ブドウ栽培の北限に近く、比較的酸がしっかりと残るワインが特徴的。栽培地はペイ・ナンテ地区、アンジュ・ソーミュール地区、トゥーレーヌ地区、サントル・ニヴェルネ地区の4エリアに区分され、ソーヴィニョン・ブランに代表される白ワインの生産量は国内1位を誇る。ヴァン・ナチュールの一大産地でもあり、1980年代からビオディナミ(ルドルフ・シュタイナーが提唱した自然な農法)を採り入れたニコラ・ジョリーやマルク・アンジェリ、ドメーヌ・ユエ、世界から崇敬を集めるクロード・クルトワなど、フランスにおける初期の自然派ワインムーブメントを牽引した生産者が多く揃う。
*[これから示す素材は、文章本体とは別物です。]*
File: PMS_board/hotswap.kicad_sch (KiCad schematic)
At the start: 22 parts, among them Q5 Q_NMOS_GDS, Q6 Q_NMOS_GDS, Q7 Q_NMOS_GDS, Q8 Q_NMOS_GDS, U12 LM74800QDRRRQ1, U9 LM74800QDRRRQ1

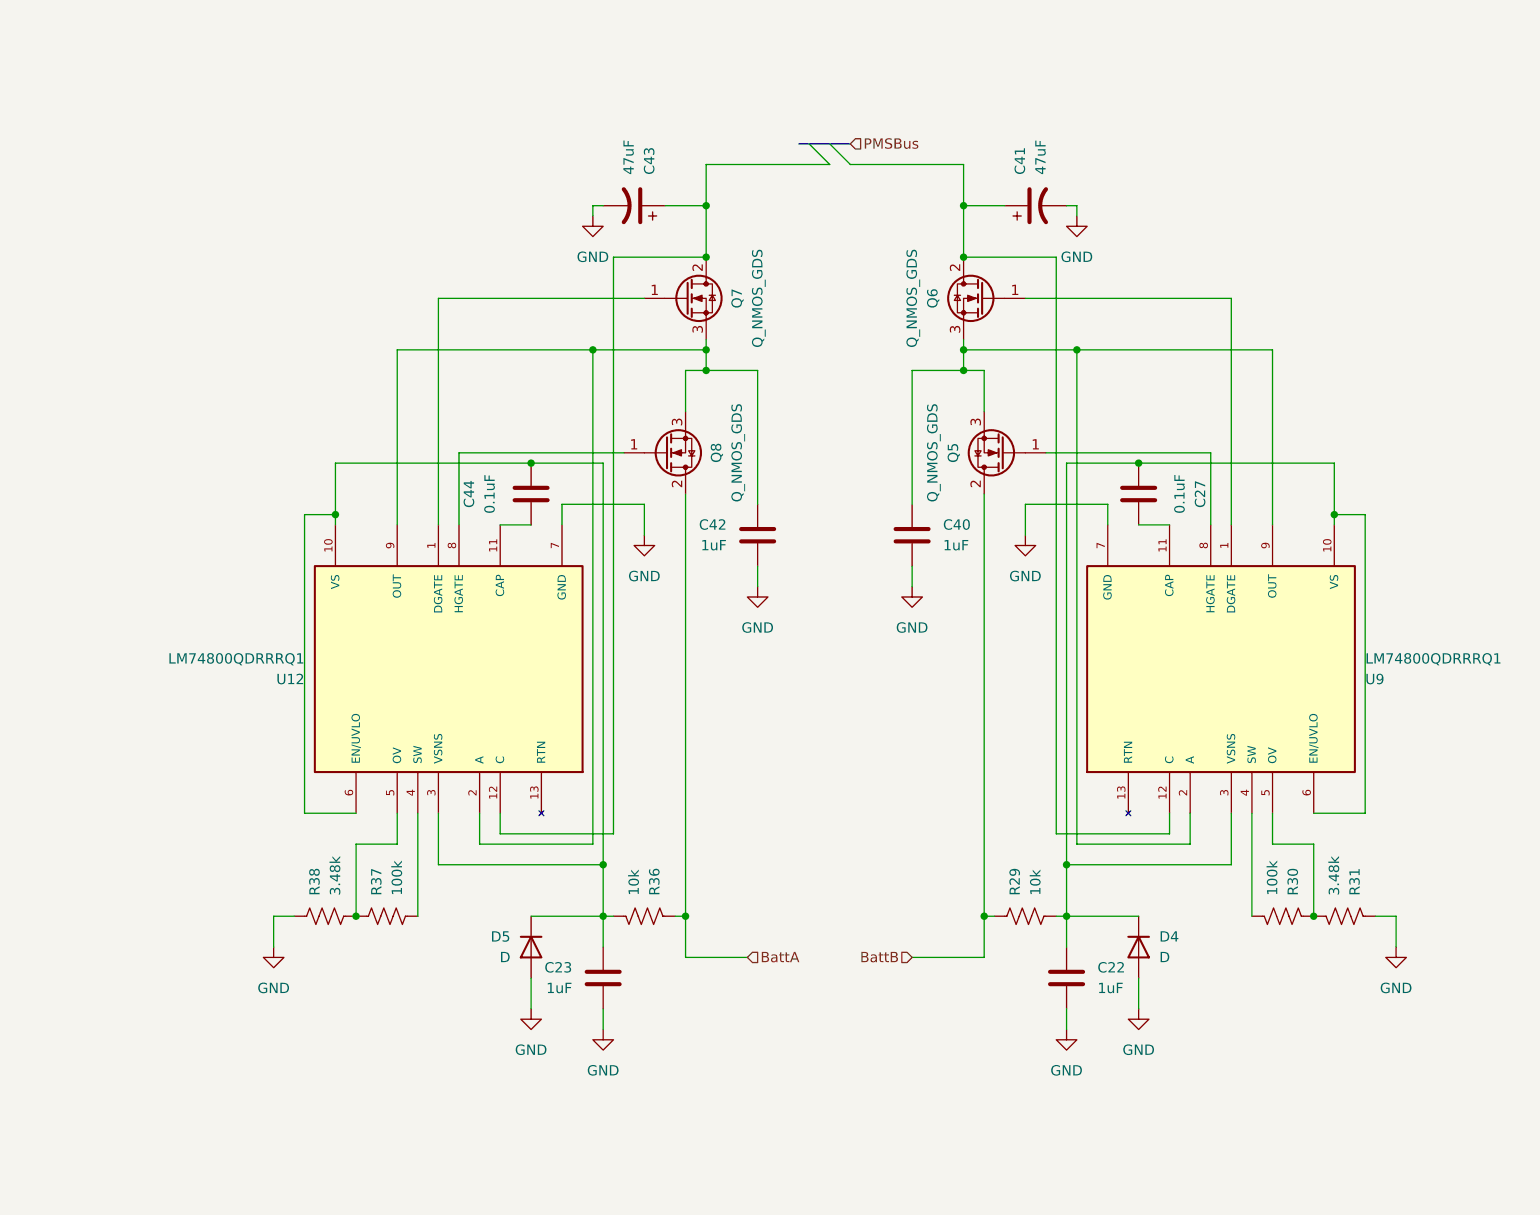
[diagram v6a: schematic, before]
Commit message: add microcontroller pinout
fixed hotswap, added pinouts to microcontroller, and made notes for power smoothing
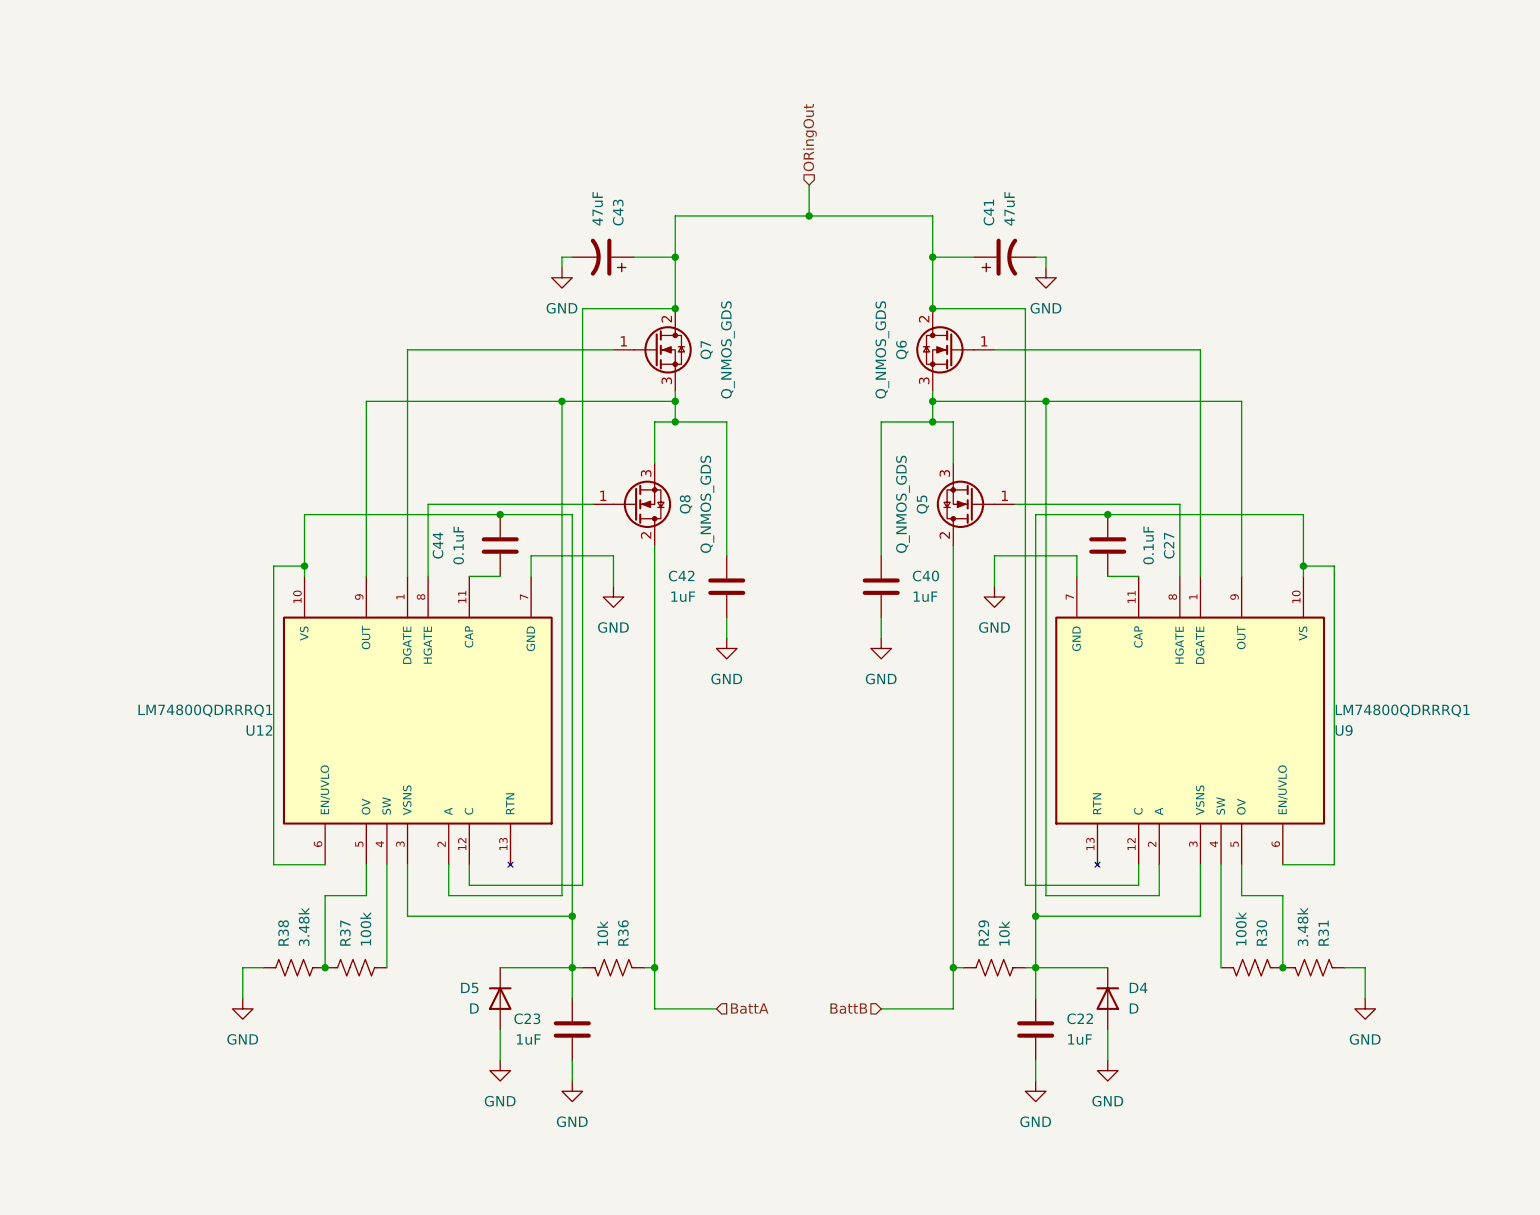
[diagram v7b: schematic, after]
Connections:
- net ORingOut: now reaches C41.1, Q6.2 (D), U9.12 (C)
- net ORingOut: now also C43.1, Q7.2 (D), U12.12 (C)
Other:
- moved on the sheet: C22, C23, C27, C40, C41, C42, C43, C44, D4, D5, Q5, Q6

彼らのフィロソフィーに共感する若手の参入も多く、自然を尊重しながらブドウの個性を引き出すワイン造りは脈々と受け継がれている。


\ Pick-up Winemaker /

Claude Courtois(クロード・クルトワ)


ジュール・ショーヴェ、ピエール・オヴェルノワにつづく純正自然派ワインの始祖と呼ばれるクロード・クルトワ。代表作のラシーヌ・ルージュは、その口当たりの柔らかさと神妙なテクスチャーから魔性のワインと評される。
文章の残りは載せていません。